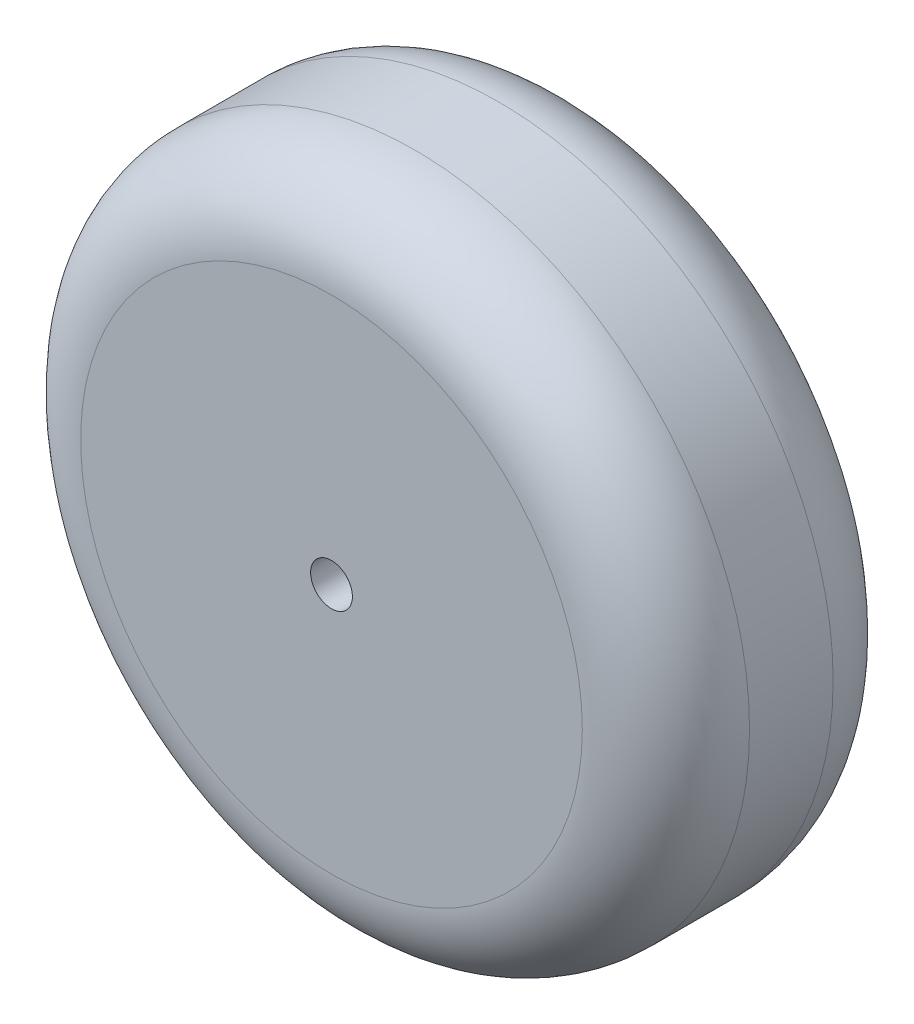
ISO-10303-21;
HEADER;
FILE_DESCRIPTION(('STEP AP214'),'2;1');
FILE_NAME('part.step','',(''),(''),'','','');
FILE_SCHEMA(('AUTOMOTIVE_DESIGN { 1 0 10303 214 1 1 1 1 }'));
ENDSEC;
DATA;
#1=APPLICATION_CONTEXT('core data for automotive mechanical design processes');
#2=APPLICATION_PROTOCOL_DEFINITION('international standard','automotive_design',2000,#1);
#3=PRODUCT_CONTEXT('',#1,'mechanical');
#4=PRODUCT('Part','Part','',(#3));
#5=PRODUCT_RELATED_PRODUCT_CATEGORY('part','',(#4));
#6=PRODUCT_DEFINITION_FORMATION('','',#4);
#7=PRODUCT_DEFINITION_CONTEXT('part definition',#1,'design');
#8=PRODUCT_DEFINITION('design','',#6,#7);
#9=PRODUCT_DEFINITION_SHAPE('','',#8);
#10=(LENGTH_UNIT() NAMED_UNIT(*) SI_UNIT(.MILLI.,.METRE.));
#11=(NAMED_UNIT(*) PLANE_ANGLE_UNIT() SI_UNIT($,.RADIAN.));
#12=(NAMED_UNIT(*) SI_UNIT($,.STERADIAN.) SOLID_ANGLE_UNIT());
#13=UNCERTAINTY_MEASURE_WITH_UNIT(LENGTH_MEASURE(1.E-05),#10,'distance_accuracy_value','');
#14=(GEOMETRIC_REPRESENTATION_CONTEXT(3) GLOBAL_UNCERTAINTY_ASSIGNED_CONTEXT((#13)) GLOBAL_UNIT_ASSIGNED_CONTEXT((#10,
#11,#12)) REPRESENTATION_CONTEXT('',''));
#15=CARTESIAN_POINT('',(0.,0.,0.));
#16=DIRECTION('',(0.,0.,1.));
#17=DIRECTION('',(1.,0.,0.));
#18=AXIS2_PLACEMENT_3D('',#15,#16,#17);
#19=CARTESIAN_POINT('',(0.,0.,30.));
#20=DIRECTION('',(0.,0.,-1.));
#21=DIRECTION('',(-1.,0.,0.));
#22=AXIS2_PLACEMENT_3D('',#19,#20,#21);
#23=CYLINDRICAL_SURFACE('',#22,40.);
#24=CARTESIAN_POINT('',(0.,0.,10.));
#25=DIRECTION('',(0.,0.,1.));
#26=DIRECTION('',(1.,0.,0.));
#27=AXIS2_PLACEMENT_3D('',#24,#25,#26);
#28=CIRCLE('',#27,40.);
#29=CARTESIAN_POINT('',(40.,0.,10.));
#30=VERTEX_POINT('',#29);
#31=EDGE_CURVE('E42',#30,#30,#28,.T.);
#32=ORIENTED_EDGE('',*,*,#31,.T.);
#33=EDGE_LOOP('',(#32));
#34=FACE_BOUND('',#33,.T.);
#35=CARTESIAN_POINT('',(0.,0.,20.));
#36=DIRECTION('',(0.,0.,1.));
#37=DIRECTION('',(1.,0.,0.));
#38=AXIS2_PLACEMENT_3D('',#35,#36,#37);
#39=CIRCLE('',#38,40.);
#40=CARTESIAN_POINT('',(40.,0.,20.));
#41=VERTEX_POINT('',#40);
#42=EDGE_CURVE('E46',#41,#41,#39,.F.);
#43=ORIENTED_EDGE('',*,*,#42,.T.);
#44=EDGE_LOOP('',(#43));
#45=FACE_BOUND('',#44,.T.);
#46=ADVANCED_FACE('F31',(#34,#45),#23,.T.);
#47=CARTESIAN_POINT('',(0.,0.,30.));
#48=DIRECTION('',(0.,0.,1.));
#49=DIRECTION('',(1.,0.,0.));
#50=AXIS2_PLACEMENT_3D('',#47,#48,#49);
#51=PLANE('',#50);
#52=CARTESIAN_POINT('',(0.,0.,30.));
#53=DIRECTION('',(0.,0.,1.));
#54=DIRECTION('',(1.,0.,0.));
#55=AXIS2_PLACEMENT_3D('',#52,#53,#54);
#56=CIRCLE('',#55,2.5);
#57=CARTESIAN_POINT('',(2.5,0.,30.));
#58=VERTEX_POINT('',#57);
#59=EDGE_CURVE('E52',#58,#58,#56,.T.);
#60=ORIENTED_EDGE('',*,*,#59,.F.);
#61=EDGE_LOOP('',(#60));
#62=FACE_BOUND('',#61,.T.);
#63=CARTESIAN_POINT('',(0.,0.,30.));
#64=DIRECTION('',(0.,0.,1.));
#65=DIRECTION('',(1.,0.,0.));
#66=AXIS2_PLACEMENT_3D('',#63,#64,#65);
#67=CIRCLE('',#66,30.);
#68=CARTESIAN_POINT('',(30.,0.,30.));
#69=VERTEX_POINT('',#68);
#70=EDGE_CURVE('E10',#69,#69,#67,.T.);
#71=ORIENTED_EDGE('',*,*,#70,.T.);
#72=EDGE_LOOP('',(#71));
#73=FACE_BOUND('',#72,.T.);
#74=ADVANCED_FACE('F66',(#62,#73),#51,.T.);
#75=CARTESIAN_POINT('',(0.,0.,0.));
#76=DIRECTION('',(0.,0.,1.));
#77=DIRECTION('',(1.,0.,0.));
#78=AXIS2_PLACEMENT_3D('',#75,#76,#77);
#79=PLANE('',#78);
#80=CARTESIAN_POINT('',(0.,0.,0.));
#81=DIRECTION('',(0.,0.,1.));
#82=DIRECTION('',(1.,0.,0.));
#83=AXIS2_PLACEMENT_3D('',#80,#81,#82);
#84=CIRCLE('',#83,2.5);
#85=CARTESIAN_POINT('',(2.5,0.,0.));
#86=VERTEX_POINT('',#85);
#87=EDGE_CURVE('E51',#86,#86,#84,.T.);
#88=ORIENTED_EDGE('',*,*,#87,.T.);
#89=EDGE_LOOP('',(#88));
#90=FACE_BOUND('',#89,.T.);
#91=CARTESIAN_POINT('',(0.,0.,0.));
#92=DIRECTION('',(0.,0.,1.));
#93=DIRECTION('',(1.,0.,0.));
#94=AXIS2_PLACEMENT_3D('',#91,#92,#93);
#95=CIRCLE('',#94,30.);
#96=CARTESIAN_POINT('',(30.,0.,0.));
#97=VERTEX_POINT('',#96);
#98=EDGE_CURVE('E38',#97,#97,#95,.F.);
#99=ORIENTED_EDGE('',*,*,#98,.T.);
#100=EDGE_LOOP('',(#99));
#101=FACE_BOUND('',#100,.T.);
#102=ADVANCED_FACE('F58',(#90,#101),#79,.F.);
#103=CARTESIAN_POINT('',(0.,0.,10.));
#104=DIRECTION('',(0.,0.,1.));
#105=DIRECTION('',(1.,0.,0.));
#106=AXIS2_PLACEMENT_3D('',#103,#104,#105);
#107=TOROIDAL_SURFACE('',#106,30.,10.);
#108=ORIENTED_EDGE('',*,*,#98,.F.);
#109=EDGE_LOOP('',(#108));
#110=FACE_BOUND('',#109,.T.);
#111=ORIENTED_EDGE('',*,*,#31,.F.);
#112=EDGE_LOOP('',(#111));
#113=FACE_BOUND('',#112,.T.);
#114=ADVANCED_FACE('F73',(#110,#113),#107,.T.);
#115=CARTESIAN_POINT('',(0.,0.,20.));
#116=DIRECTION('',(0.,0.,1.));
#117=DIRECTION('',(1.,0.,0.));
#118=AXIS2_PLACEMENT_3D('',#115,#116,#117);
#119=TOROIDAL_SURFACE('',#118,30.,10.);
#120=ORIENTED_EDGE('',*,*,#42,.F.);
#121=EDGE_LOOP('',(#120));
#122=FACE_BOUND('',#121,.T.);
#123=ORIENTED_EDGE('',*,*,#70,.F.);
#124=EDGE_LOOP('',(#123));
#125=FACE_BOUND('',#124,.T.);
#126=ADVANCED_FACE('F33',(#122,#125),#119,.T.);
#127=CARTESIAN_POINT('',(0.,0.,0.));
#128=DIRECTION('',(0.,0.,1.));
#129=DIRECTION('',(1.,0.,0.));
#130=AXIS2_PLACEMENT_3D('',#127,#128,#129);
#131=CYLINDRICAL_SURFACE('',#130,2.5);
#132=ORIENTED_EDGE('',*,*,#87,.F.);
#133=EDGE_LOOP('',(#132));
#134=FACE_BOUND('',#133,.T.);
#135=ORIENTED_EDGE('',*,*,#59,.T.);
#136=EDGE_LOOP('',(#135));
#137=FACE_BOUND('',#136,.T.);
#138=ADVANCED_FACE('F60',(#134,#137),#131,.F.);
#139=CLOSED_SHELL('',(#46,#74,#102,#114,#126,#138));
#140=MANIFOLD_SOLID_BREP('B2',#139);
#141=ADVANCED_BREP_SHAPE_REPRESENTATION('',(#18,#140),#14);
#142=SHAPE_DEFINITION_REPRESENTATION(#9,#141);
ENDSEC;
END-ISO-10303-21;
§
What you have to do - Taking the entries above, write out exactly the lines starting with the line containing "#110=FACE_BOUND('',#109,.T.);" and going on through the line containing "#120=ORIENTED_EDGE('',*,*,#42,.F.);", both included, and nothing else.

Completed exercise -
#110=FACE_BOUND('',#109,.T.);
#111=ORIENTED_EDGE('',*,*,#31,.F.);
#112=EDGE_LOOP('',(#111));
#113=FACE_BOUND('',#112,.T.);
#114=ADVANCED_FACE('F73',(#110,#113),#107,.T.);
#115=CARTESIAN_POINT('',(0.,0.,20.));
#116=DIRECTION('',(0.,0.,1.));
#117=DIRECTION('',(1.,0.,0.));
#118=AXIS2_PLACEMENT_3D('',#115,#116,#117);
#119=TOROIDAL_SURFACE('',#118,30.,10.);
#120=ORIENTED_EDGE('',*,*,#42,.F.);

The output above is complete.